AP Diplomatic Writer

NEW YORK – Apparently lacking the votes to win, Secretary of State Condoleezza Rice indicated Wednesday the Bush administration was prepared to delay again a showdown with Iran over its nuclear weapons program.

Describing efforts to constrain Iran from producing nuclear weapons, Rice said “the world is not perfect in international politics. You cannot always get a 100 percent solution.”

Rice last week appealed openly to China, Russia, India and other nations to support threatening Iran with sanctions for refusing to halt its nuclear program.

“Iran needs to get a message from the international community that is a unified message,” Rice said Friday at a news conference.

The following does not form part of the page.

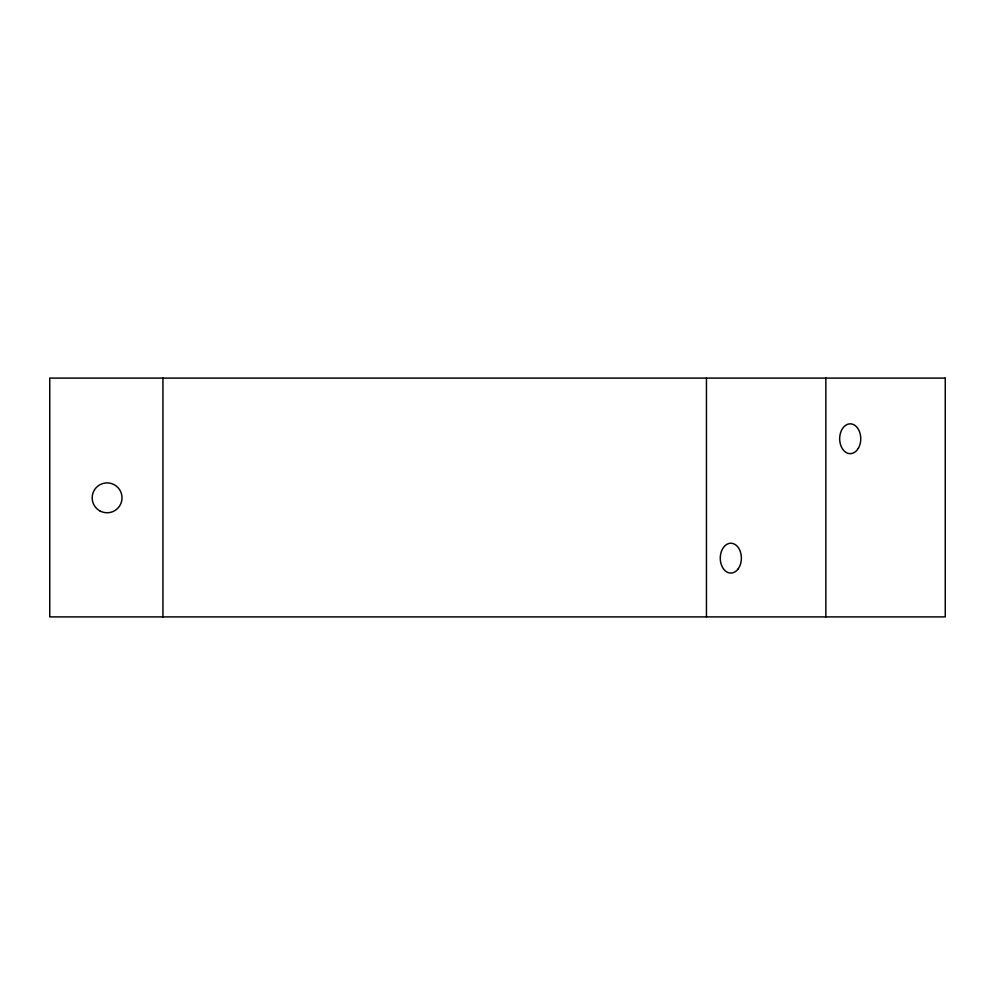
<?xml version="1.0" encoding="UTF-8"?>
<svg xmlns="http://www.w3.org/2000/svg" width="995" height="995" viewBox="0 0 995 995"><rect width="100%" height="100%" fill="white"/><g stroke="black" fill="none" stroke-linecap="round" stroke-linejoin="round"><path stroke-width="1.49" d="M825.85 378.1L825.85 616.9M706.45 378.1L706.45 616.9M162.944 378.1L162.944 616.9M945.25 378.1L49.75 378.1L49.75 616.9L945.25 616.9L945.25 378.1M858.299 448.347A14.925 10.559 -90 0 0 852.056 424.057A14.925 10.559 -90 0 0 840.302 443.845A14.925 10.559 -90 0 0 858.299 448.347M99.637 510.758A14.925 14.925 0 0 0 122.024 497.836A14.925 14.925 0 0 0 99.637 484.901A14.925 14.925 0 0 0 99.637 510.758M738.29 568.705A14.925 10.559 -90 0 0 733.551 543.73A14.925 10.559 -90 0 0 720.629 562.013A14.925 10.559 -90 0 0 738.29 568.705"/></g></svg>

But Russia quickly registered its opposition to trying to impose sanctions now on Iran in the U.N. Security Council, and the White House acknowledged Wednesday that President Bush was unable to get a commitment from Chinese President Hu Jintao.

The Bush administration had been expected to turn to the U.N. Security Council to pressure Iran to resume negotiations with the European Union after the board of governors of the International Atomic Energy Agency meets next Monday.

But in an interview Wednesday with the Fox News Editorial Board, Rice took a step backward.

“I am not so concerned about exactly when it happens,” Rice said, “because I don’t think this matter is so urgent that it has to come on Sept. 19.”

She said the goal now was mostly to send a “political message” to Iran that it that it just cannot break out of a commitment not to engage in nuclear weapons preparations “and have everybody say, well, OK.”

The problem, she said, is there was a “lot of consensus” on the goal of having negotiations with the European Union resume. But, she said, there was “a lot of difference about tactics.”

The European Union has taken the lead in trying to persuade Iran to halt development of nuclear weapons in exchange for economic concessions. But Rice said “the question is, how much support can you bring that is non-European support.”

“That’s really more the issue,” she said.